Table 1: UAV observation space structure
Observation Component	Variables	Dimension
Self-state	$ (v_i, \omega_i, \theta_i) $	3
Target information	$ (d_{i,M}, \alpha_{i,M}, v_M, \omega_M, \theta_M) $	5
Nearest ally	$ (d_{i,j}, \beta_{i,j}, \chi_{i,j}) $	3

GRU-MAPPO Framework

Our architecture addresses partial observability through gated recurrent units integrated with MAPPO:

$$
\begin{aligned}
r_t &= \sigma(W_r \cdot [h_{t-1}, x_t] + b_r) \\
z_t &= \sigma(W_z \cdot [h_{t-1}, x_t] + b_z) \\
\tilde{h}_t &= \tanh(W_h \cdot [r_t \odot h_{t-1}, x_t] + b_h) \\
h_t &= (1 – z_t) \odot h_{t-1} + z_t \odot \tilde{h}_t
\end{aligned}
$$

The hybrid reward function combines sparse and shaped components:

$$
\begin{aligned}
R_t = & \omega_p R_p + \omega_d R_d + \omega_f R_f + \omega_c R_c + \omega_s R_s \\
R_p &= \begin{cases} r_{\text{capture}} & D_{U,M} < d_{\text{capture}} \\ 0 & \text{otherwise} \end{cases} \\
R_d &= -D_{U,M} \\
R_f &= -\left| \chi_{i,j} – \frac{\pi}{N} \right| \\
R_c &= \begin{cases} r_{\text{collision}} & d_{\min} < d_{\text{collision}} \\ 0 & \text{otherwise} \end{cases} \\
R_s &= \begin{cases} \frac{d_{\min} – d_{\text{safe}}}}{d_{\text{safe}} – d_{\text{collision}}} & d_{\min} < d_{\text{safe}} \\ 0 & \text{otherwise} \end{cases}
\end{aligned}
$$

Curriculum learning dynamically adjusts difficulty through linear regulators:

$$
d_{\text{capture}}^* = \begin{cases}
d_{\text{capture}} [\lambda_d + (1 – \lambda_d)k] & k < 1 \\
d_{\text{capture}} & \text{otherwise}
\end{cases}, \quad k = \frac{\text{step}}{\text{Maxstep}}
$$

Experimental Validation

Simulations in ROS/Gazebo environment demonstrate the effectiveness of our approach in drone technology applications:

Table 2: Performance comparison in standard environment
Algorithm	Success Rate	Avg.
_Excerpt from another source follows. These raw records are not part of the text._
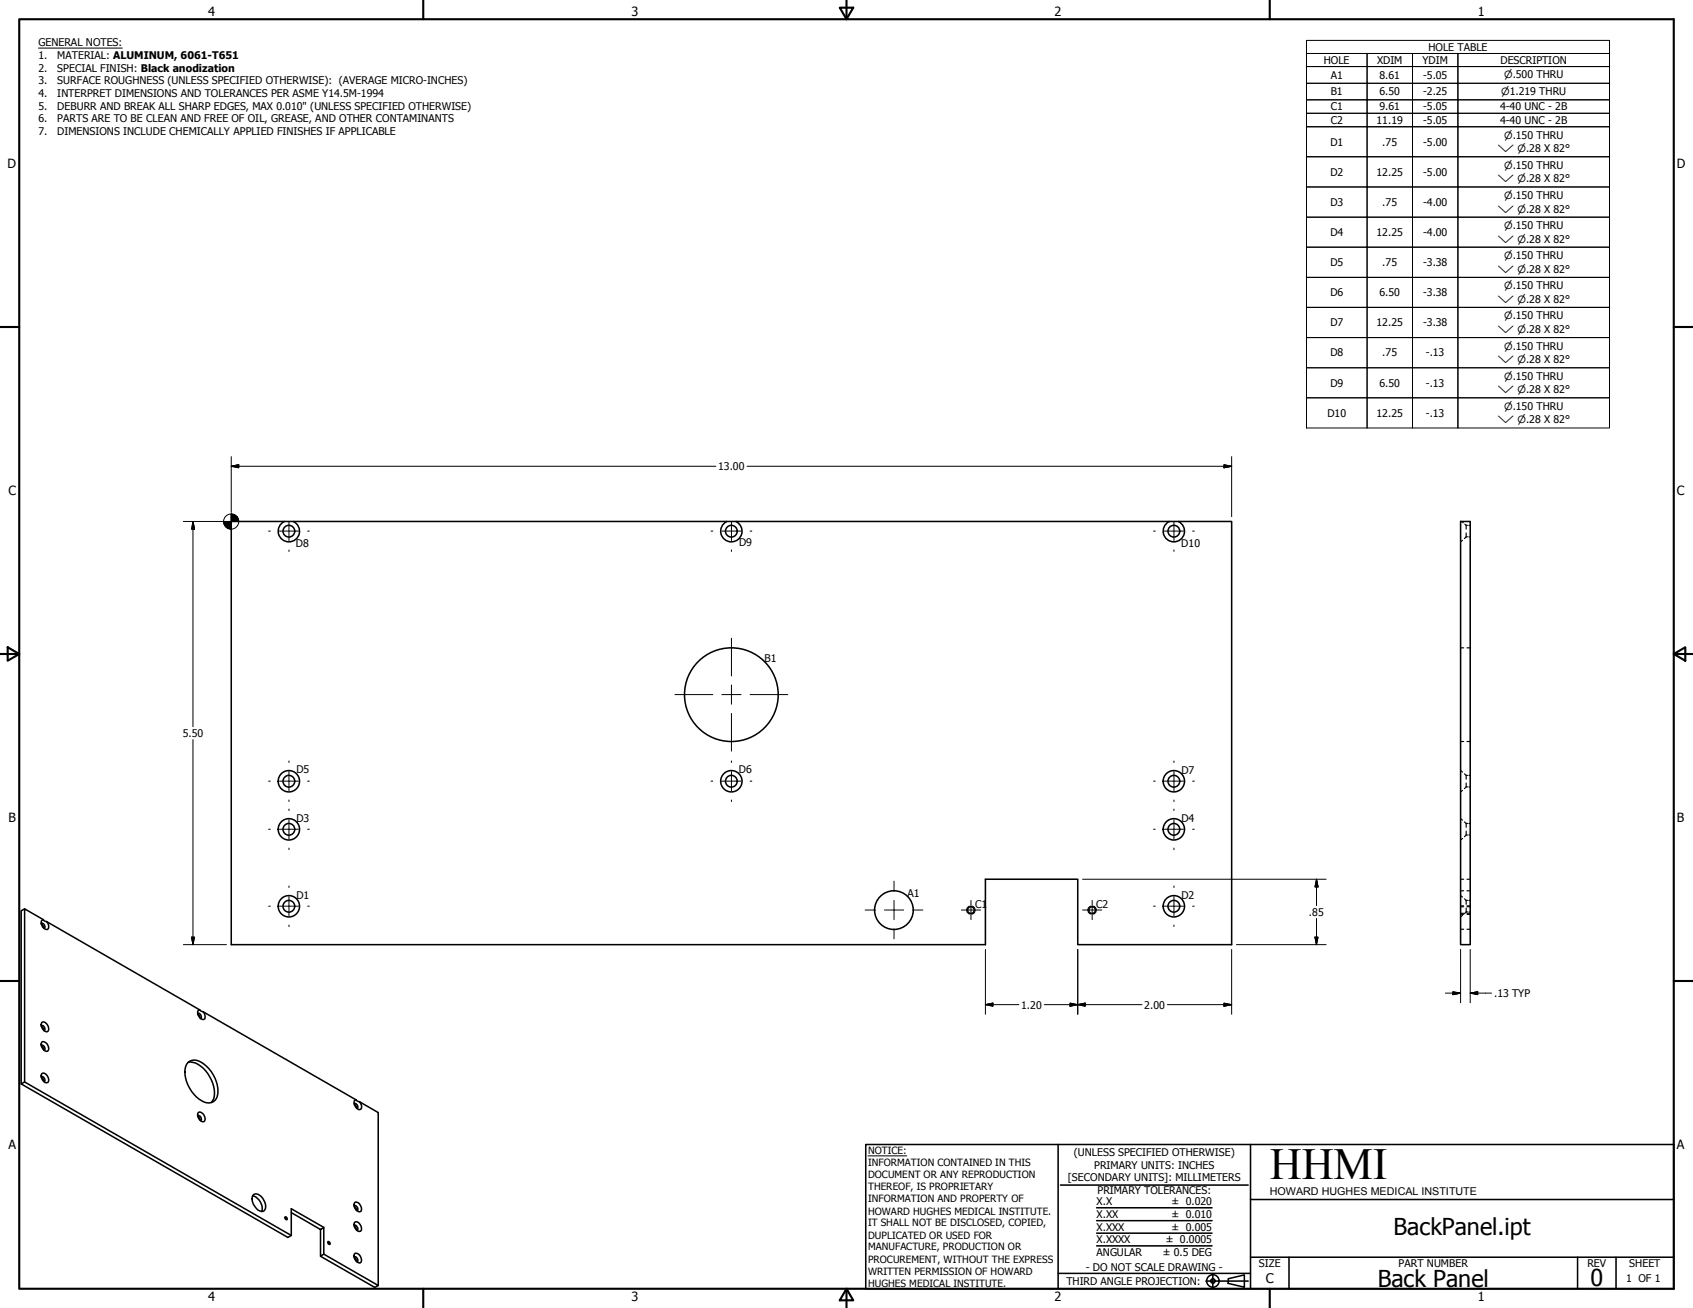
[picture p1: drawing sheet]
<svg xmlns="http://www.w3.org/2000/svg" width="559mm" height="432mm" viewBox="0 0 559 432" stroke-linecap="round" stroke-linejoin="round" font-family="sans-serif">
<!-- layer: Visible (ANSI) -->
<g fill="none" stroke="#000" stroke-width=".51">
<path d="M76.3 172.1h330.2v139.7h-50.8v-21.5h-30.5v21.5h-248.9zM93.8 172.2a3.5 3.5 0 0 0-1.2 5.4 3.5 3.5 0 0 0 5.5 0 3.5 3.5 0 0 0-1.2-5.4M239.8 172.2a3.5 3.5 0 0 0-1.2 5.4 3.5 3.5 0 0 0 5.5 0 3.5 3.5 0 0 0-1.1-5.4M385.9 172.2a3.5 3.5 0 0 0-1.2 5.4 3.5 3.5 0 0 0 5.5 0 3.5 3.5 0 0 0-1.2-5.4M482.1 172.1h3.2v139.7h-3.2zM91.8 257.9a3.5 3.5 0 0 1 5.1-3.2 3.5 3.5 0 0 1 .6 6 3.5 3.5 0 0 1-5.6-2.1l-.1-.7M237.9 257.9a3.5 3.5 0 0 1 5.1-3.2 3.5 3.5 0 0 1 .6 6 3.5 3.5 0 0 1-5.7-2.1v-.7M383.9 257.9a3.5 3.5 0 0 1 5.1-3.2 3.5 3.5 0 0 1 .6 6 3.5 3.5 0 0 1-5.6-2.1l-.1-.7M8.1 300l-1.1 .7v57.1M13.6 304.9a.98 .98 0 0 1 1 .4 .98 .98 0 0 1-.1 1.2M13.7 305.1l.5 .5 .2 .7M14.3 303.6l-6.2-3.6v57.2"/>
<path d="M14.3 303.6a1.39 1.39 0 0 0-.3 2.3 1.09 1.09 0 0 0 .9 .9 1.09 1.09 0 0 0 1.2-.5 2.26 2.26 0 0 0-.7-2.1M14.3 303.6l.4 .4 .7 .2M15.4 304.2l50.5 29.2M13.6 338.6a1.01 1.01 0 0 1 1.1 .5 1.01 1.01 0 0 1-.2 1.1M13.7 338.8l.5 .5 .2 .7M13.8 337.5a2.01 2.01 0 0 1 2.1 2.8 1.36 1.36 0 0 1-2.1-1 1.66 1.66 0 0 1 0-1.8zM65.3 334.6a1 1 0 0 1 1 .5 1 1 0 0 1-.1 1.1M65.3 334.8l.5 .5 .2 .7M65.9 333.4h-.3a2.05 2.05 0 0 0 1.6 3.1 1.76 1.76 0 0 0-.1-2.5M65.9 333.4l1.2 .6M67.1 334l50.4 29.1M13.6 355.5a1.01 1.01 0 0 1 1.1 .5 1.01 1.01 0 0 1-.2 1.1"/>
<path d="M13.6 345.1a1.01 1.01 0 0 1 1.1 .4 1.01 1.01 0 0 1-.2 1.2M13.7 355.7l.5 .5 .2 .7M13.7 345.3l.5 .5 .2 .8M13.8 354.4a2.02 2.02 0 0 1 2.1 2.8 1.36 1.36 0 0 1-2.1-1 1.66 1.66 0 0 1 0-1.8zM13.8 344a1.98 1.98 0 0 1 1.9 .9 1.98 1.98 0 0 1 0 2.1 2.16 2.16 0 0 1-1.9-3zM62 350.8a3.8 3.8 0 0 1 5.3 .5 11.2 11.2 0 0 1 4.4 10.7 3.2 3.2 0 0 1-5.2 1.3 11.2 11.2 0 0 1-5.2-11.2zM62.1 350.7a7 7 0 0 1 6.5 3.7 10.4 10.4 0 0 1 1.9 8.3l-.8 1.3M65.3 368.4a.95 .95 0 0 1 1 .4 .95 .95 0 0 1-.1 1.2M65.3 368.6l.5 .5 .2 .7M65.5 367.3a1.94 1.94 0 0 1 2.1 2.7 1.37 1.37 0 0 1-2.1-.9 1.62 1.62 0 0 1 0-1.8zM116.9 364.3a1.04 1.04 0 0 1 1 .5 1.04 1.04 0 0 1 0 1.2M117 364.6l.5 .5 .2 .7"/>
<path d="M117.5 363.1a1.31 1.31 0 0 0-.2 2.3 1.32 1.32 0 0 0 1.9 .7 1.97 1.97 0 0 0-.5-2.4M117.5 363.1l1.2 .6M118.7 363.7l6.1 3.6v57.1M83.4 394.8a4.3 4.3 0 0 1 3 5.1M83.4 394.7a1.79 1.79 0 0 1 2.8 .3 3.6 3.6 0 0 1 .9 4.7 2.44 2.44 0 0 1-2.9-1.3l-.8-1.3a2.96 2.96 0 0 1 0-2.4zM116.9 398.1a.99 .99 0 0 1 1 .4 .99 .99 0 0 1 0 1.2M117 398.3l.5 .5 .2 .7M117.1 397a1.97 1.97 0 0 1 2.1 2.8 1.61 1.61 0 0 1-2.3-1.6zM94.1 401.8l.6 .2v.7l-.6-.4zM96.1 400.3l9.7 5.6 1.1-.7v8.8l-1.1 .7v-8.8M106.9 405.2l-10.8-6.2v8.9l-1.1 .6-88-50.7 1.1-.6 88 50.7M106.9 414l17.9 10.4-1.1 .6-17.9-10.3"/>
<path d="M108.3 409.9l.5 .2v.7l-.4-.1zM116.9 415a.99 .99 0 0 1 1 .4 .99 .99 0 0 1 0 1.2M116.9 404.6a1.04 1.04 0 0 1 1 .5 1.04 1.04 0 0 1 0 1.1M117 415.2l.5 .5 .2 .7M117 404.7l.5 .6 .2 .7M117.1 413.8a1.98 1.98 0 0 1 1.9 1 1.98 1.98 0 0 1-.1 2.1 2.16 2.16 0 0 1-1.8-3.1zM117.1 403.5a2.02 2.02 0 0 1 2.1 2.8 1.38 1.38 0 0 1-2.1-1 1.66 1.66 0 0 1 0-1.8z"/>
<circle cx="95.3" cy="175.4" r="1.94"/>
<circle cx="241.4" cy="175.4" r="1.94"/>
<circle cx="387.4" cy="175.4" r="1.94"/>
<circle cx="241.4" cy="229.3" r="15.5"/>
<circle cx="95.3" cy="257.9" r="1.94"/>
<circle cx="241.4" cy="257.9" r="1.94"/>
<circle cx="387.4" cy="257.9" r="1.94"/>
<circle cx="95.3" cy="273.8" r="1.94"/>
<circle cx="95.3" cy="273.8" r="3.5"/>
<circle cx="387.4" cy="273.8" r="1.94"/>
<circle cx="387.4" cy="273.8" r="3.5"/>
<circle cx="95.3" cy="299.2" r="1.94"/>
<circle cx="95.3" cy="299.2" r="3.5"/>
<circle cx="387.4" cy="299.2" r="1.94"/>
<circle cx="387.4" cy="299.2" r="3.5"/>
<circle cx="295.1" cy="300.5" r="6.4"/>
<circle cx="320.5" cy="300.5" r="1.11"/>
<circle cx="360.5" cy="300.5" r="1.11"/>
</g>
<!-- layer: Hidden Narrow (ANSI) -->
<path d="M320 299.1l-.2 .1a1.36 1.36 0 0 0-.8 1.4 1.36 1.36 0 0 0 1 1.2M320.9 299.1l.3 .1a1.39 1.39 0 0 1 .7 1.4 1.39 1.39 0 0 1-1 1.2M360 299.1l-.2 .1a1.36 1.36 0 0 0-.8 1.4 1.36 1.36 0 0 0 1 1.2M360.9 299.1l.3 .1a1.39 1.39 0 0 1 .7 1.4 1.39 1.39 0 0 1-1 1.2M482.1 299h1M484.2 299h1.1M482.1 301.9h1M484.2 301.9h1.1" fill="none" stroke="#000" stroke-width=".33"/>
<!-- layer: Hidden (ANSI) -->
<g fill="none" stroke="#000" stroke-width=".38">
<path d="M482.5 172.1l.5 .5M482.7 178.4l-.6 .5M483.5 173l.4 .4M483.9 173.4v1.3M483.9 176v1.2M483.9 177.2l-.5 .6M483.9 177.2h.5M483.9 173.4h.5M484.8 177.2h.5M484.8 173.4h.5M482.1 213.9h1M484.2 213.9h1.1"/>
<path d="M482.1 254.4l.6 .5M482.1 244.8h1M483.4 255.5l.5 .5M483.9 256v1.2M483.9 258.5v1.3M483.9 259.8l-.5 .5M483.9 259.8h.5M483.9 256h.5M484.2 244.8h1.1M484.8 259.8h.5M484.8 256h.5M482.1 270.3l.6 .5"/>
<path d="M482.7 276.8l-.6 .5M482.7 260.9l-.6 .5M483.4 271.3l.5 .5M483.9 271.8v1.3M483.9 274.4v1.3M483.9 275.7l-.5 .5M483.9 275.7h.5M483.9 271.8h.5M484.8 275.7h.5M484.8 271.8h.5M482.1 290.3h1M482.1 295.7l.6 .5"/>
<path d="M482.1 294.1h1M482.1 299.3h1M483.4 296.7l.5 .5M483.9 297.2v1.3M483.9 299.8v1.3M483.9 297.2h.5M484.2 290.3h1.1M484.2 294.1h1.1M484.2 299.3h1.1M484.8 297.2h.5M482.1 306.8h1M482.1 301.5h1"/>
<path d="M482.7 302.2l-.6 .5M483.9 301.1l-.5 .5M483.9 301.1h.5M484.2 306.8h1.1M484.2 301.5h1.1M484.8 301.1h.5"/>
</g>
<!-- layer: Border (ANSI) -->
<g fill="none" stroke="#000" stroke-width=".7">
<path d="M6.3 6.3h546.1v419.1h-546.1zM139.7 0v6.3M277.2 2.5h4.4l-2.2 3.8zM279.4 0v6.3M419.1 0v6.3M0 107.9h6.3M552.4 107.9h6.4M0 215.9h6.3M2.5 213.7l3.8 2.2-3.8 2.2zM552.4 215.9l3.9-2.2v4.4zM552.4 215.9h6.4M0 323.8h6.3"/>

Reward	Capture Time (s)
LSTM-MAPPO	79%	81	26.0
MAPPO	68%	69	26.9
A3C	67%	71	26.2
MADDPG	62%	60	28.0
IPPO	40%	47	30.4
GRU-MAPPO (Ours)	85%	86	23.5

Key findings demonstrate the superiority of our Unmanned Aerial Vehicle strategy:

12.6% reduction in capture time compared to MAPPO
17% higher success rate in noisy environments (80% vs 68%)
Faster convergence with curriculum learning (6×10⁵ vs 6.9×10⁵ steps)
Effective generalization to random and hybrid evasion strategies

Conclusion

This research advances drone technology through a novel GRU-MAPPO framework for multi-Unmanned Aerial Vehicle cooperative pursuit. By integrating gated recurrent units with multi-agent reinforcement learning, we effectively address partial observability challenges in 3D environments. The curriculum learning linear regulator accelerates training convergence, while the hybrid reward structure balances exploration and exploitation. Experimental validation confirms 12.6% faster target capture and 17% higher success rates compared to baseline methods, demonstrating significant improvements in cooperative autonomy for Unmanned Aerial Vehicles. Future work will extend this framework to dynamic obstacle environments with enhanced sensor models.